(Recorded data)
[Start of section]

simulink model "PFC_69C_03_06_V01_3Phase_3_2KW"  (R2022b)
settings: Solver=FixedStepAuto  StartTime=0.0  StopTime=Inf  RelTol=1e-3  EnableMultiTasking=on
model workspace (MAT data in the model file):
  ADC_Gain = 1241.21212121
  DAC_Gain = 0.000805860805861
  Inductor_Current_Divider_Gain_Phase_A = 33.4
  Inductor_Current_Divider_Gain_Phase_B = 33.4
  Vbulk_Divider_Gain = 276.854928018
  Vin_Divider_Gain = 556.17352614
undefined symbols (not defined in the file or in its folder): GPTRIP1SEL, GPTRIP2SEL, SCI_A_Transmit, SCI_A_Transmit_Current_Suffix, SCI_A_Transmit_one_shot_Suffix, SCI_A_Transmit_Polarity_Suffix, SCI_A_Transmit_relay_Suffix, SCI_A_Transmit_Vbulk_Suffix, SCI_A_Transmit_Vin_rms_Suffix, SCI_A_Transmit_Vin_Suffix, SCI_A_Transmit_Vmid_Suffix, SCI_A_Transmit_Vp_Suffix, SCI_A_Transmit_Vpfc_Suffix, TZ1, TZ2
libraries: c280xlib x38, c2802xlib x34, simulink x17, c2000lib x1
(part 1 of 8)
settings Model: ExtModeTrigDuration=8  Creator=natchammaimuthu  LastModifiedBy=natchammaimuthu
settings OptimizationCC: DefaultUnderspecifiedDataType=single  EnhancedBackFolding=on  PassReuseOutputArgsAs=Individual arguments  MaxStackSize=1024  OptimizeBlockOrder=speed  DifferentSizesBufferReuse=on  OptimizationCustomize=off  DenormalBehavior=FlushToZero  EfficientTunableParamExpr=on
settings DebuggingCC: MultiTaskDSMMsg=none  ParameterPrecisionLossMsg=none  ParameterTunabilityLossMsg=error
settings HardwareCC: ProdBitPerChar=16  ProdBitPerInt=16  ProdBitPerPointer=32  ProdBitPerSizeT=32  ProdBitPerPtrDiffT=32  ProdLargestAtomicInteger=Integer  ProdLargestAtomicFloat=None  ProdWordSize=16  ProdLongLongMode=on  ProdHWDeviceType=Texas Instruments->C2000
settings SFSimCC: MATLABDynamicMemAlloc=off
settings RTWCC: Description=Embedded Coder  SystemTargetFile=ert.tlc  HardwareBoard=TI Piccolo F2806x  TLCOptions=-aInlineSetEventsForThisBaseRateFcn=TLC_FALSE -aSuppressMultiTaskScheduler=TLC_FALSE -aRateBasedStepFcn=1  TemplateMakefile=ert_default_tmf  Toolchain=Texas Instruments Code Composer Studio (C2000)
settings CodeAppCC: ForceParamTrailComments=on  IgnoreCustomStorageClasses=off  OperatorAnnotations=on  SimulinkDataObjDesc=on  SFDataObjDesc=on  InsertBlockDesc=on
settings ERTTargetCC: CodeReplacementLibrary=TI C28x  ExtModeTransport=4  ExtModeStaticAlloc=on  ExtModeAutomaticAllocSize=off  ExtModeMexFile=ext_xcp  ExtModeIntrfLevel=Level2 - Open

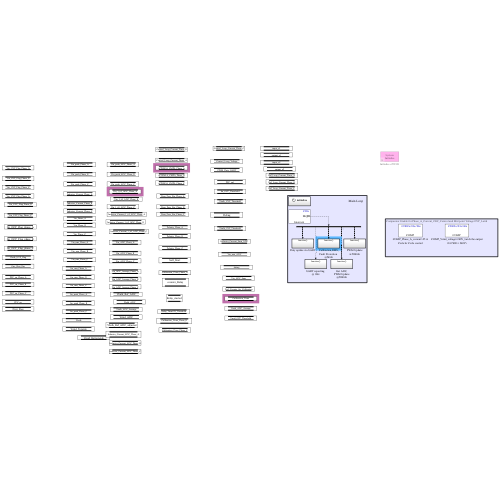
[thumbnail: Simulink's stored preview of the top-level diagram]
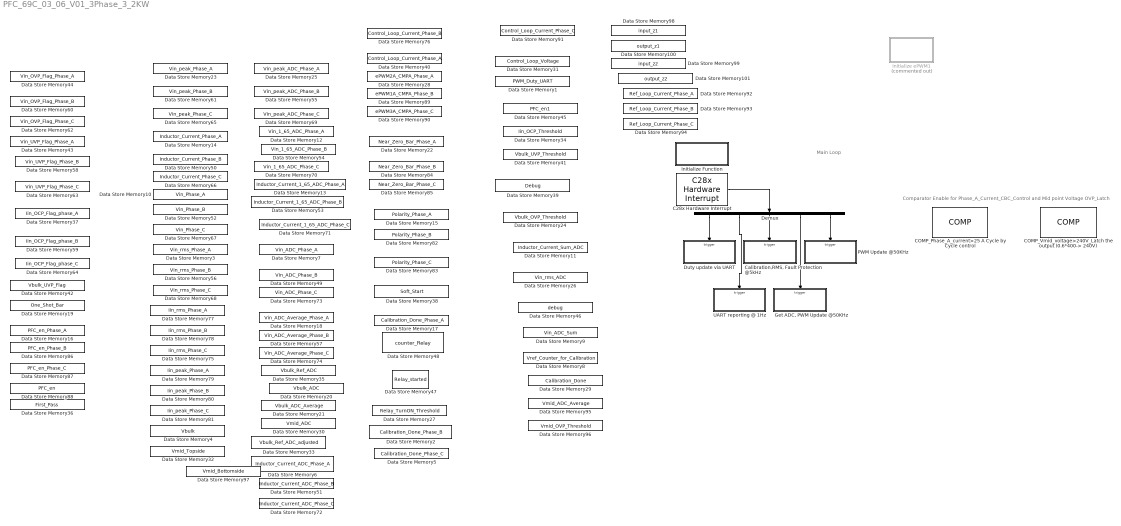
== system PFC_69C_03_06_V01_3Phase_3_2KW ==
  note: Comparator Enable for Phase_A_Current_CBC_Control and Mid point Voltage OVP_Latch
  note: Main Loop
  C28x Hardware Interrupt : c2000lib/Scheduling/C28x Hardware Interrupt  irqnumbers=[9 3 3 3 1]  pienumbers=[1 7 4 2 1]  irqpriorities=[10 9 8 7 6]  irqpreempts=[1 1 1 0 0]  showinput=off  dspchiptype=C280X
  COMP_Phase_A_current>25 A Cycle by Cycle control : c2802xlib/COMP  comparatorModule=Comparator 1  comparatorGPIO1=[]  comparatorGPIO2=0  comparatorSource=Internal DAC  DACOutputValue=744  inverterCircuit=off  synchronizationSelect=Asynchronous  qualificationPeriod=Passed through  Ts=-1
      settings: LibrarySourceBlock=c2806xlib/COMP
  COMP_Vmid_voltage>240V_Latch the output (0.6*400-> 240V) : c2802xlib/COMP  comparatorModule=Comparator 2  comparatorGPIO1=[]  comparatorGPIO2=0  comparatorSource=Internal DAC  DACOutputValue=479  inverterCircuit=off  synchronizationSelect=Asynchronous  qualificationPeriod=Passed through  Ts=-1
      settings: LibrarySourceBlock=c2806xlib/COMP
  "Calibration,RMS, Fault Protection @5kHz" : Subsystem  TreatAsAtomicUnit=on
  Data Store Memory1 : DataStoreMemory  DataStoreName=PWM_Duty_UART  WriteAfterWriteMsg=warning  InitialValue=5  ShowAdditionalParam=off  OutDataTypeStr=double
  Data Store Memory10 : DataStoreMemory  DataStoreName=Vin_Phase_A  WriteAfterWriteMsg=warning  ShowAdditionalParam=off  OutDataTypeStr=double
  Data Store Memory100 : DataStoreMemory  DataStoreName=output_z1  WriteAfterWriteMsg=warning  ShowAdditionalParam=off  OutDataTypeStr=double
  Data Store Memory101 : DataStoreMemory  DataStoreName=output_z2  WriteAfterWriteMsg=warning  ShowAdditionalParam=off  OutDataTypeStr=double
  Data Store Memory11 : DataStoreMemory  DataStoreName=Inductor_Current_Sum_ADC  WriteAfterWriteMsg=warning  ShowAdditionalParam=off  OutDataTypeStr=double
  Data Store Memory12 : DataStoreMemory  DataStoreName=Vin_1_65_ADC_Phase_A  WriteAfterWriteMsg=warning  ShowAdditionalParam=off  OutDataTypeStr=double
  Data Store Memory13 : DataStoreMemory  DataStoreName=Inductor_Current_1_65_ADC_Phase_A  WriteAfterWriteMsg=warning  ShowAdditionalParam=off  OutDataTypeStr=double
  Data Store Memory14 : DataStoreMemory  DataStoreName=Inductor_Current_Phase_A  WriteAfterWriteMsg=warning  ShowAdditionalParam=off  OutDataTypeStr=double
  Data Store Memory15 : DataStoreMemory  DataStoreName=Polarity_Phase_A  WriteAfterWriteMsg=warning  InitialValue=10  ShowAdditionalParam=off
  Data Store Memory16 : DataStoreMemory  DataStoreName=PFC_en_Phase_A  WriteAfterWriteMsg=warning  ShowAdditionalParam=off
  Data Store Memory17 : DataStoreMemory  DataStoreName=Calibration_Done_Phase_A  WriteAfterWriteMsg=warning  ShowAdditionalParam=off  OutDataTypeStr=double
  Data Store Memory18 : DataStoreMemory  DataStoreName=Vin_ADC_Average_Phase_A  WriteAfterWriteMsg=warning  ShowAdditionalParam=off
  Data Store Memory19 : DataStoreMemory  DataStoreName=One_Shot_Bar  WriteAfterWriteMsg=warning  InitialValue=1  ShowAdditionalParam=off  OutDataTypeStr=double
  Data Store Memory2 : DataStoreMemory  DataStoreName=Calibration_Done_Phase_B  WriteAfterWriteMsg=warning  ShowAdditionalParam=off  OutDataTypeStr=double
  Data Store Memory20 : DataStoreMemory  DataStoreName=Vbulk_ADC  WriteAfterWriteMsg=warning  ShowAdditionalParam=off
  Data Store Memory21 : DataStoreMemory  DataStoreName=Vbulk_ADC_Average  WriteAfterWriteMsg=warning  ShowAdditionalParam=off
  Data Store Memory22 : DataStoreMemory  DataStoreName=Near_Zero_Bar_Phase_A  WriteAfterWriteMsg=warning  InitialValue=10  ShowAdditionalParam=off
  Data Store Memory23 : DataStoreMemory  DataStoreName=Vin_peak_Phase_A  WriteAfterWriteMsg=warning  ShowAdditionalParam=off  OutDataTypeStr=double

[End of section]

= Your instructions =
Above are the records. Copy the lines beginning at the one that has "Data Store Memory19" and ending with the one that has "Data Store Memory2 : DataStoreMemory", unchanged.

= Result below =
  Data Store Memory19 : DataStoreMemory  DataStoreName=One_Shot_Bar  WriteAfterWriteMsg=warning  InitialValue=1  ShowAdditionalParam=off  OutDataTypeStr=double
  Data Store Memory2 : DataStoreMemory  DataStoreName=Calibration_Done_Phase_B  WriteAfterWriteMsg=warning  ShowAdditionalParam=off  OutDataTypeStr=double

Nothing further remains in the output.